Cottrell-Boyce’s script crams in more subplots and topical issues than it can meaningfully develop. Nathan’s addiction troubles make for a reasonably affecting arc, but the travails of the other team members — including Syrian asylum seeker Aldar (Robin Nazari) and would-be ladies’ man Jason (Sheyi Cole), given a sharp #MeToo education when he inappropriately comes onto sparky Mexican-American player Rosita (Cristina Rodio) — are given very short shrift. As South Africa’s bolshy nun-turned-coach, Susan Wokoma provides amiable comic relief; the woes of the hopeless Japanese team and their dourly militaristic coach make for a less successful diversion, reliant on some outdated stereotyping.

A perhaps disproportionate amount of screen time is given over to Vinny’s hostile mood swings, as he repeatedly abandons his teammates, only to reconcile with them once again over common personal ground. At least one dramatic cycle of this routine could have been cut at no cost to the film’s narrative flow, though one can hardly blame “The Beautiful Game” for fixing its focus so insistently on Ward, whose volatile charisma quickens and complicates even a relatively thin character, and whose darting, restless screen energy pleasingly complements Nighy’s signature laid-back roguishness. (Nighy has twinkly chemistry, too, with an underused Valeria Golino as the Italian tournament coordinator, though the script keeps any whisper of romance between them on the back burner.)
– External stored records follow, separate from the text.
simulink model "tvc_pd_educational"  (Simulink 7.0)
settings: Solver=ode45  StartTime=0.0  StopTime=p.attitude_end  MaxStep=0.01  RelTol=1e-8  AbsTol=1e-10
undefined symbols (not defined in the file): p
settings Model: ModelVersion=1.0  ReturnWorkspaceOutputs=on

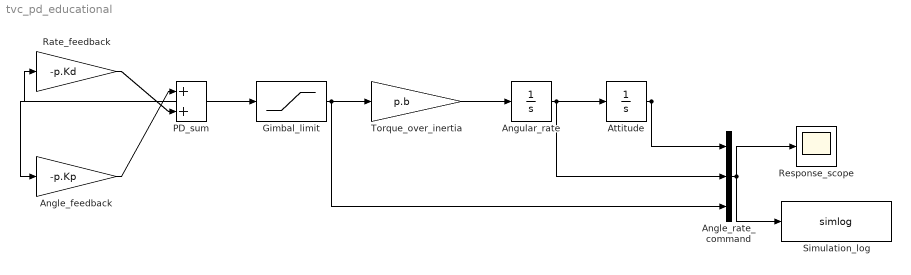
== system tvc_pd_educational ==
  Angle_feedback : Gain  Gain=-p.Kp
  Rate_feedback : Gain  Gain=-p.Kd
  PD_sum : Sum  Inputs=++
  Gimbal_limit : Saturate  UpperLimit=p.delta_max  LowerLimit=-p.delta_max
  Torque_over_inertia : Gain  Gain=p.b
  Angular_rate : Integrator  InitialCondition=p.omega0
  Attitude : Integrator  InitialCondition=p.theta0
  Angle_rate_command : Mux  Inputs=3
  Response_scope : Scope
  Simulation_log : ToWorkspace  VariableName=simlog  SaveFormat=Structure With Time
  wires:
  Angle_feedback/1 -> PD_sum/1
  Rate_feedback/1 -> PD_sum/2
  PD_sum/1 -> Gimbal_limit/1
  Gimbal_limit/1 -> Torque_over_inertia/1, Angle_rate_command/3
  Torque_over_inertia/1 -> Angular_rate/1
  Angular_rate/1 -> Attitude/1, Rate_feedback/1, Angle_rate_command/2
  Attitude/1 -> Angle_feedback/1, Angle_rate_command/1
  Angle_rate_command/1 -> Response_scope/1, Simulation_log/1
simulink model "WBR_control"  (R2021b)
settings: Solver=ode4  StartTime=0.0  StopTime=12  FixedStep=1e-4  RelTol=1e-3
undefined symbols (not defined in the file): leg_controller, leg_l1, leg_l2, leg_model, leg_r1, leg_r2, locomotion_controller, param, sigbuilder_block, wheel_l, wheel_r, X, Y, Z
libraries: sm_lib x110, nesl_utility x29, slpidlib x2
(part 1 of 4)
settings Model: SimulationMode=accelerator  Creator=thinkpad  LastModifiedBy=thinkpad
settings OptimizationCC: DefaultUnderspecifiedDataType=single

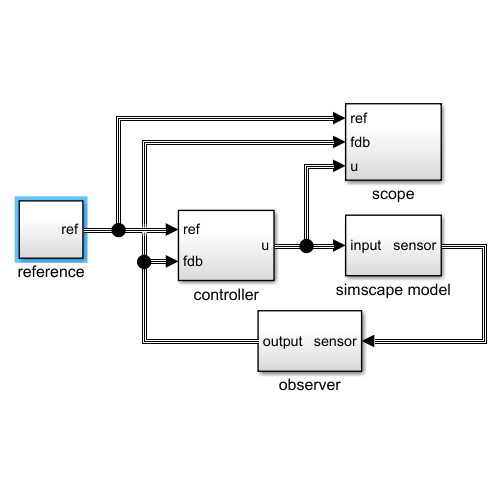
[thumbnail: Simulink's stored preview of the top-level diagram]
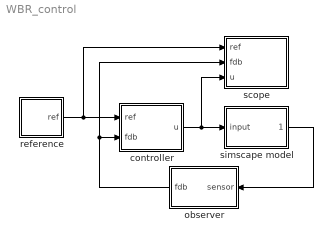
== system WBR_control ==
  controller : Subsystem
  observer : Subsystem
  reference : Subsystem
  scope : Subsystem
  simscape model : Subsystem
  wires:
  reference/1(ref) -> scope/1(ref), controller/1(ref)
  controller/1(u) -> simscape model/1(input), scope/3(u)
  simscape model/1(sensor) -> observer/1(sensor)
  observer/1(fdb) -> controller/2(fdb), scope/2(fdb)

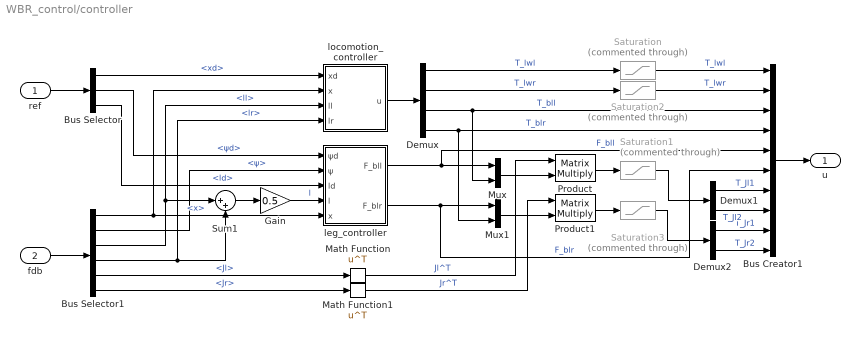
== system WBR_control/controller ==
  ref : Inport
  fdb : Inport  Port=2
  Bus Creator1 : BusCreator  Inputs=10
  Bus Selector : BusSelector  OutputSignals=xd,ψd,ld
  Bus Selector1 : BusSelector  OutputSignals=x,ψ,ll,lr,Jl,Jr
  Demux : Demux
  Demux1 : Demux  Outputs=2
  Demux2 : Demux  Outputs=2
  Gain : Gain  Gain=0.5
  Math Function : Math  Operator=transpose  SaturateOnIntegerOverflow=on
  Math Function1 : Math  Operator=transpose  SaturateOnIntegerOverflow=on
  Mux : Mux  Inputs=2
  Mux1 : Mux  Inputs=2
  Product : Product  Multiplication=Matrix(*)
  Product1 : Product  Multiplication=Matrix(*)
  Saturation : Saturate  Commented=through  UpperLimit=4  LowerLimit=-4
  Saturation1 : Saturate  Commented=through  UpperLimit=[35,35]  LowerLimit=-[35,35]
  Saturation2 : Saturate  Commented=through  UpperLimit=4  LowerLimit=-4
  Saturation3 : Saturate  Commented=through  UpperLimit=[35,35]  LowerLimit=-[35,35]
  Sum1 : Sum  Inputs=|++
  leg_controller : Subsystem
  locomotion_controller : Subsystem
  u : Outport
  wires:
  Bus Selector/1 -> locomotion_controller/1(xd)  "<xd>"
  locomotion_controller/1(u) -> Demux/1
  Demux/1 -> Saturation/1  "T_lwl"
  leg_controller/1(F_bll) -> Bus Creator1/5, Mux/1  "F_bll"
  Bus Selector/2 -> leg_controller/1(ψd)  "<ψd>"
  Bus Selector/3 -> leg_controller/3(ld)  "<ld>"
  Mux/1 -> Product/2
  Product/1 -> Saturation1/1
  ref/1 -> Bus Selector/1
  fdb/1 -> Bus Selector1/1
  Bus Selector1/1 -> locomotion_controller/2(x), leg_controller/5(x)  "<x>"
  Bus Selector1/3 -> locomotion_controller/3(ll), Sum1/1  "<ll>"
  Bus Selector1/4 -> locomotion_controller/4(lr), Sum1/2  "<lr>"
  Bus Selector1/5 -> Math Function/1  "<Jl>"
  Math Function/1 -> Product/1  "Jl^T"
  Demux/2 -> Saturation2/1  "T_lwr"
  Sum1/1 -> Gain/1
  Gain/1 -> leg_controller/4(l)  "l"
  Bus Selector1/6 -> Math Function1/1  "<Jr>"
  Demux/3 -> Mux/2, Bus Creator1/3  "T_bll"
  Demux/4 -> Mux1/2, Bus Creator1/4  "T_blr"
  leg_controller/2(F_blr) -> Bus Creator1/6, Mux1/1  "F_blr"
  Math Function1/1 -> Product1/1  "Jr^T"
  Mux1/1 -> Product1/2
  Product1/1 -> Saturation3/1
  Saturation1/1 -> Demux1/1
  Saturation3/1 -> Demux2/1
  Saturation2/1 -> Bus Creator1/2  "T_lwr"
  Saturation/1 -> Bus Creator1/1  "T_lwl"
  Demux2/1 -> Bus Creator1/9  "T_Jr1"
  Demux2/2 -> Bus Creator1/10  "T_Jr2"
  Demux1/1 -> Bus Creator1/7  "T_Jl1"
  Demux1/2 -> Bus Creator1/8  "T_Jl2"
  Bus Creator1/1 -> u/1
  Bus Selector1/2 -> leg_controller/2(ψ)  "<ψ>"

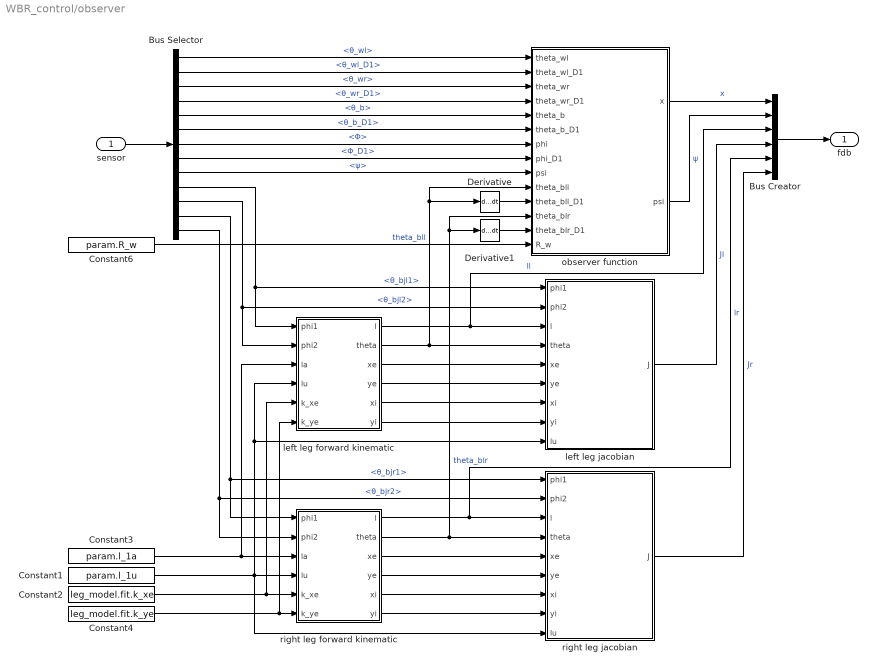
== system WBR_control/observer ==
  sensor : Inport
  Bus Creator : BusCreator  Inputs=6
  Bus Selector : BusSelector  OutputSignals=θ_wl,θ_wl_D1,θ_wr,θ_wr_D1,θ_b,θ_b_D1,Φ,Φ_D1,ψ,θ_bjl1,θ_bjl2,θ_bjr1,θ_bjr2
  Constant1 : Constant  Value=param.l_1u
  Constant2 : Constant  Value=leg_model.fit.k_xe
  Constant3 : Constant  Value=param.l_1a
  Constant4 : Constant  Value=leg_model.fit.k_ye
  Constant6 : Constant  Value=param.R_w
  Derivative : Derivative
  Derivative1 : Derivative
  left leg forward kinematic : MATLAB Function  TreatAsAtomicUnit=on
  left leg jacobian : MATLAB Function  TreatAsAtomicUnit=on
  observer function : MATLAB Function  TreatAsAtomicUnit=on
  right leg forward kinematic : MATLAB Function  TreatAsAtomicUnit=on
  right leg jacobian : MATLAB Function  TreatAsAtomicUnit=on
  fdb : Outport
  wires:
  sensor/1 -> Bus Selector/1
  right leg forward kinematic/3(xe) -> right leg jacobian/5(xe)
  right leg forward kinematic/4(ye) -> right leg jacobian/6(ye)
  right leg forward kinematic/5(xi) -> right leg jacobian/7(xi)
  right leg forward kinematic/6(yi) -> right leg jacobian/8(yi)
  right leg forward kinematic/1(l) -> right leg jacobian/3(l), Bus Creator/5  "lr"
  left leg forward kinematic/1(l) -> Bus Creator/3, left leg jacobian/3(l)  "ll"
  Bus Creator/1 -> fdb/1
  right leg jacobian/1(J) -> Bus Creator/6  "Jr"
  Bus Selector/1 -> observer function/1(theta_wl)  "<θ_wl>"
  Bus Selector/2 -> observer function/2(theta_wl_D1)  "<θ_wl_D1>"
  Bus Selector/3 -> observer function/3(theta_wr)  "<θ_wr>"
  Bus Selector/4 -> observer function/4(theta_wr_D1)  "<θ_wr_D1>"
  Bus Selector/5 -> observer function/5(theta_b)  "<θ_b>"
  Bus Selector/6 -> observer function/6(theta_b_D1)  "<θ_b_D1>"
  Bus Selector/7 -> observer function/7(phi)  "<Φ>"
  Bus Selector/8 -> observer function/8(phi_D1)  "<Φ_D1>"
  left leg jacobian/1(J) -> Bus Creator/4  "Jl"
  observer function/1(x) -> Bus Creator/1  "x"
  observer function/2(psi) -> Bus Creator/2  "ψ"
  Bus Selector/9 -> observer function/9("psi ")  "<ψ>"
  Bus Selector/10 -> left leg forward kinematic/1(phi1), left leg jacobian/1(phi1)  "<θ_bjl1>"
  Bus Selector/11 -> left leg forward kinematic/2(phi2), left leg jacobian/2(phi2)  "<θ_bjl2>"
  left leg forward kinematic/2(theta) -> observer function/10(theta_bll), Derivative/1, left leg jacobian/4(theta)  "theta_bll"
  Derivative/1 -> observer function/11(theta_bll_D1)
  Bus Selector/12 -> right leg jacobian/1(phi1), right leg forward kinematic/1(phi1)  "<θ_bjr1>"
  Bus Selector/13 -> right leg jacobian/2(phi2), right leg forward kinematic/2(phi2)  "<θ_bjr2>"
  right leg forward kinematic/2(theta) -> right leg jacobian/4(theta), observer function/12(theta_blr), Derivative1/1  "theta_blr"
  Derivative1/1 -> observer function/13(theta_blr_D1)
  left leg forward kinematic/4(ye) -> left leg jacobian/6(ye)
  left leg forward kinematic/5(xi) -> left leg jacobian/7(xi)
  left leg forward kinematic/6(yi) -> left leg jacobian/8(yi)
  left leg forward kinematic/3(xe) -> left leg jacobian/5(xe)
  Constant3/1 -> left leg forward kinematic/3(la), right leg forward kinematic/3(la)
  Constant1/1 -> right leg forward kinematic/4(lu), right leg jacobian/9(lu), left leg forward kinematic/4(lu), left leg jacobian/9(lu)
  Constant2/1 -> left leg forward kinematic/5(k_xe), right leg forward kinematic/5(k_xe)
  Constant4/1 -> left leg forward kinematic/6(k_ye), right leg forward kinematic/6(k_ye)
  Constant6/1 -> observer function/14(R_w)

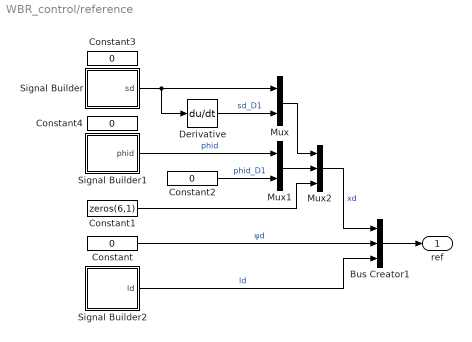
== system WBR_control/reference ==
  Bus Creator1 : BusCreator  Inputs=3
  Constant{,2..4} (4 alike) : Constant  Value=0
  Constant1 : Constant  Value=zeros(6,1)
  Derivative : Derivative
  Mux : Mux  Inputs=2
  Mux1 : Mux  Inputs=2
  Mux2 : Mux  Inputs=3
  Signal Builder : Subsystem  Tag=STV Subsys  LoadFcn=sigbuilder_block('load');  StartFcn=sigbuilder_block('start');  StopFcn=sigbuilder_block('stop');  ClipboardFcn=sigbuilder_block('clipboard');  mask(Sigbuilder block){tuvar=[0:10]}
      mask help: Simulink:masks:SigbuilderBlock_MD
      mask init:
      | if ~strcmp(get_param(bdroot(gcbh),'SimulationStatus'),'stopped') tuvar = sigbuilder_block('maskInit'); end
      settings: CopyFcn=sigbuilder_block('copy');  DeleteFcn=sigbuilder_block('delete');  ModelCloseFcn=sigbuilder_block('modelClose');  PreSaveFcn=sigbuilder_block('preSave');  PauseFcn=sigbuilder_block('pause');  ContinueFcn=sigbuilder_block('continue');  NameChangeFcn=sigbuilder_block('namechange');  OpenFcn=sigbuilder_block('open',[427.2 154.8 550.8 400.2 ]);  CloseFcn=sigbuilder_block('close');
      mask Display: plot(0, 0, 100, 100,[2, 2, 32, 32, 2], [68, 8, 8, 68, 68],[32, 2], [38, 38], [32, 19, 2],[53, 60, 44], [32, 17, 17, 2],[16, 16, 31, 31]);txt = getActiveGroup(gcbh);text(2, 100, txt,'verticalAlignment', 'top');
  Signal Builder1 : Subsystem  Tag=STV Subsys  LoadFcn=sigbuilder_block('load');  StartFcn=sigbuilder_block('start');  StopFcn=sigbuilder_block('stop');  ClipboardFcn=sigbuilder_block('clipboard');  mask(Sigbuilder block){tuvar=[0:10]}
      mask help: Simulink:masks:SigbuilderBlock_MD
      mask init:
      | if ~strcmp(get_param(bdroot(gcbh),'SimulationStatus'),'stopped') tuvar = sigbuilder_block('maskInit'); end
      settings: CopyFcn=sigbuilder_block('copy');  DeleteFcn=sigbuilder_block('delete');  ModelCloseFcn=sigbuilder_block('modelClose');  PreSaveFcn=sigbuilder_block('preSave');  PauseFcn=sigbuilder_block('pause');  ContinueFcn=sigbuilder_block('continue');  NameChangeFcn=sigbuilder_block('namechange');  OpenFcn=sigbuilder_block('open',[427.2 154.8 550.8 400.2 ]);  CloseFcn=sigbuilder_block('close');
      mask Display: plot(0, 0, 100, 100,[2, 2, 32, 32, 2], [68, 8, 8, 68, 68],[32, 2], [38, 38], [32, 19, 2],[53, 60, 44], [32, 17, 17, 2],[16, 16, 31, 31]);txt = getActiveGroup(gcbh);text(2, 100, txt,'verticalAlignment', 'top');
  Signal Builder2 : Subsystem  Tag=STV Subsys  LoadFcn=sigbuilder_block('load');  StartFcn=sigbuilder_block('start');  StopFcn=sigbuilder_block('stop');  ClipboardFcn=sigbuilder_block('clipboard');  mask(Sigbuilder block){tuvar=[0:10]}
      mask help: Simulink:masks:SigbuilderBlock_MD
      mask init:
      | if ~strcmp(get_param(bdroot(gcbh),'SimulationStatus'),'stopped') tuvar = sigbuilder_block('maskInit'); end
      settings: CopyFcn=sigbuilder_block('copy');  DeleteFcn=sigbuilder_block('delete');  ModelCloseFcn=sigbuilder_block('modelClose');  PreSaveFcn=sigbuilder_block('preSave');  PauseFcn=sigbuilder_block('pause');  ContinueFcn=sigbuilder_block('continue');  NameChangeFcn=sigbuilder_block('namechange');  OpenFcn=sigbuilder_block('open',[427.2 154.8 550.8 400.2 ]);  CloseFcn=sigbuilder_block('close');
      mask Display: plot(0, 0, 100, 100,[2, 2, 32, 32, 2], [68, 8, 8, 68, 68],[32, 2], [38, 38], [32, 19, 2],[53, 60, 44], [32, 17, 17, 2],[16, 16, 31, 31]);txt = getActiveGroup(gcbh);text(2, 100, txt,'verticalAlignment', 'top');
  ref : Outport
  wires:
  Mux2/1 -> Bus Creator1/1  "xd"
  Constant1/1 -> Mux2/3
  Signal Builder/1(sd) -> Derivative/1, Mux/1
  Bus Creator1/1 -> ref/1
  Constant2/1 -> Mux1/2  "phid_D1"
  Constant/1 -> Bus Creator1/2  "ψd"
  Mux/1 -> Mux2/1
  Mux1/1 -> Mux2/2
  Signal Builder2/1(ld) -> Bus Creator1/3  "ld"
  Derivative/1 -> Mux/2  "sd_D1"
  Signal Builder1/1(phid) -> Mux1/1  "phid"

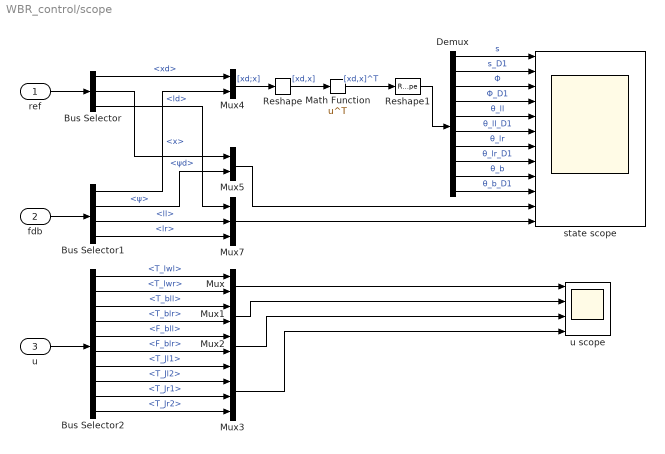
== system WBR_control/scope ==
  ref : Inport
  fdb : Inport  Port=2
  u : Inport  Port=3
  Bus Selector : BusSelector  OutputSignals=xd,ψd,ld
  Bus Selector1 : BusSelector  OutputSignals=x,ψ,ll,lr
  Bus Selector2 : BusSelector  OutputSignals=T_lwl,T_lwr,T_bll,T_blr,F_bll,F_blr,T_Jl1,T_Jl2,T_Jr1,T_Jr2
  Demux : Demux  Outputs=10
  Math Function : Math  Operator=transpose  SaturateOnIntegerOverflow=on
  Mux{,1..2,4..5} (5 alike) : Mux  Inputs=2
  Mux3 : Mux
  Mux7 : Mux  Inputs=3
  Reshape : Reshape  OutputDimensionality=Customize  OutputDimensions=[10,2]
  Reshape1 : Reshape
  state scope : Scope  NumInputPorts=12
  u scope : Scope  NumInputPorts=4
  wires:
  ref/1 -> Bus Selector/1
  fdb/1 -> Bus Selector1/1
  u/1 -> Bus Selector2/1
  Bus Selector2/1 -> Mux/1  "<T_lwl>"
  Bus Selector2/2 -> Mux/2  "<T_lwr>"
  Bus Selector2/3 -> Mux1/1  "<T_bll>"
  Bus Selector2/4 -> Mux1/2  "<T_blr>"
  Bus Selector2/5 -> Mux2/1  "<F_bll>"
  Bus Selector2/6 -> Mux2/2  "<F_blr>"
  Bus Selector2/7 -> Mux3/1  "<T_Jl1>"
  Bus Selector2/8 -> Mux3/2  "<T_Jl2>"
  Bus Selector2/9 -> Mux3/3  "<T_Jr1>"
  Bus Selector2/10 -> Mux3/4  "<T_Jr2>"
  Mux3/1 -> u scope/4
  Mux2/1 -> u scope/3
  Mux1/1 -> u scope/2
  Mux/1 -> u scope/1
  Bus Selector1/1 -> Mux4/2  "<x>"
  Bus Selector/1 -> Mux4/1  "<xd>"
  Bus Selector/2 -> Mux5/1  "<ψd>"
  Bus Selector/3 -> Mux7/1  "<ld>"
  Bus Selector1/2 -> Mux5/2  "<ψ>"
  Bus Selector1/3 -> Mux7/2  "<ll>"
  Bus Selector1/4 -> Mux7/3  "<lr>"
  Mux4/1 -> Reshape/1  "[xd;x]"
  Mux5/1 -> state scope/11
  Mux7/1 -> state scope/12
  Reshape/1 -> Math Function/1  "[xd,x]"
  Math Function/1 -> Reshape1/1  "[xd,x]^T"
  Reshape1/1 -> Demux/1
  Demux/1 -> state scope/1  "s"
  Demux/2 -> state scope/2  "s_D1"
  Demux/3 -> state scope/3  "Φ"
  Demux/4 -> state scope/4  "Φ_D1"
  Demux/6 -> state scope/6  "θ_ll_D1"
  Demux/5 -> state scope/5  "θ_ll"
  Demux/7 -> state scope/7  "θ_lr"
  Demux/8 -> state scope/8  "θ_lr_D1"
  Demux/10 -> state scope/10  "θ_b_D1"
  Demux/9 -> state scope/9  "θ_b"

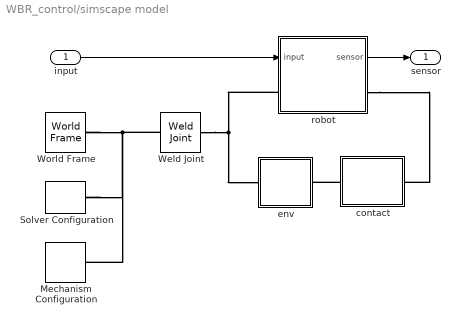
== system WBR_control/simscape model ==
  input : Inport
  Mechanism Configuration : sm_lib/Utilities/Mechanism Configuration  UniformGravity=Constant  GravityVector=[0 0 -9.81]  GravityUnits=m/s^2  LinearizationDelta=0.001  JointModeTransitionNonlinearIterations=2
  Solver Configuration : nesl_utility/Solver Configuration  PhysicalDomain=network_engine_domain  SubClassName=solver  LeftPortType=input  RightPortType=generic  Tones=[]  Harmonics=[]  SimulateNoise=off  Profile=off  UseLocalSampling=off  EnableSwitchedLinearOptims=on  FrequencyDomain=off  UseCCode=off  RelTol=0.001  AbsTol=1e-06  MinStep=1e-09  ToWorkspace=off  RevertToSquareIcSolve=off  NumHomotopyIterations=100  PhasorMode=off  PhasorModeNumHarmonics=1  DoDC=off  ResidualTolerance=1e-09  UseLocalSolver=off  LocalSolverChoice=NE_BACKWARD_EULER_ADVANCER  LocalSolverSampleTime=0.001  DoFixedCost=off  MaxNonlinIter=3  MaxModeIter=2  ComputeImpulses=off  ImpulseIterations=2  LinearAlgebra=Sparse  EquationFormulation=NE_TIME_EF  DelaysMemoryBudget=1024  AutomaticFiltering=on  FilteringTimeConstant=0.001  PartitionStorageMethod=AS_NEEDED  PartitionMemoryBudget=1024  PartitionMethod=FAST
      settings: SourceProductBaseCode=PW,SS
  Weld Joint : sm_lib/Joints/Weld Joint  JointMode=Normal  SenseConstraintForce=off  SenseConstraintForceX=off  SenseConstraintForceY=off  SenseConstraintForceZ=off  SenseConstraintTorque=off  SenseConstraintTorqueX=off  SenseConstraintTorqueY=off  SenseConstraintTorqueZ=off  SenseTotalForce=off  SenseTotalForceX=off  SenseTotalForceY=off  SenseTotalForceZ=off  SenseTotalTorque=off  SenseTotalTorqueX=off  SenseTotalTorqueY=off  SenseTotalTorqueZ=off  CompositeWrenchDir=FollowerOnBase  CompositeWrenchFrame=BaseFrame
  World Frame : sm_lib/Frames and Transforms/World Frame
  contact : Subsystem
      settings: PortSchema="{\"entries\":[{\"content\":{\"sides\":[{\"content\":{\"connectorIds\":[]},\"type\":\"ConnectorPlacement.EquallySpacedRectSide\",\"uuid\":\"948d884d-a2bb-4982-bec2-8891ab05edb1\"},{\"content\":{\"connectorIds\":[],\"side\":\"RIGHT\"},\"type\":\"ConnectorPlacement.EquallySpacedRectSide\",\"uuid\":\"1ab48329-b8c1-41fb-bc52-c8a32a07fc10\"},{\"content\":{\"connectorIds\":[\"LConn1\"],\"side\":\"TOP\"},\"type\":\"ConnectorPlacement.EquallySpacedRectSide\",\"uuid\":\"2430d379-17bc-45a7-9277-8300fd306697\"},{\"content\":{\"connectorIds\":[\"RConn1\"],\"side\":\"BOTTOM\"},\"type\":\"ConnectorPlacement.EquallySpacedRectSide\",\"uuid\":\"c2c22df6-47ef-4364-9ed6-2fe5d2ebd561\"}]},\"type\":\"ConnectorPlacement.EquallySpacedConnector\",\"uuid\":\"bd96c317-3050-474a-affa-ffce42783eb1\"}],\"packageUris\":[\"http://schema.mathworks.com/mf0/Connector/R2020b\"],\"version\":\"1.0\"}"
  env : Subsystem
  robot : Subsystem
  sensor : Outport
  wires:
  input/1 -> robot/1(input)
  robot/1(sensor) -> sensor/1
  connections:
  World Frame/RConn1 -- Solver Configuration/RConn1 -- Mechanism Configuration/RConn1 -- Weld Joint/LConn1
  contact/RConn1 -- env/RConn1
  Weld Joint/RConn1 -- env/LConn1 -- robot/LConn1
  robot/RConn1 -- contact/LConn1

Even when you can practically hear the film’s formulaic gear-shifting, it’s hard not to be won over, not least by the real-life backstory guiding its less authentic fiction. Fresh from “Wicked Little Letters,” theater director Sharrock steers proceedings in unfussy, audience-minded fashion, but cranks up the emotional machinery exactly when she needs to: Those who can remain dry-eyed through a final-match montage set to Aretha Franklin’s mighty cover of “Bridge Over Troubled Water” are not viewers whom “The Beautiful Game” has any intention of reaching.

“The Beautiful Game” opens in the U.K. on March 22. It streams in the U.S. on Netflix starting March 29.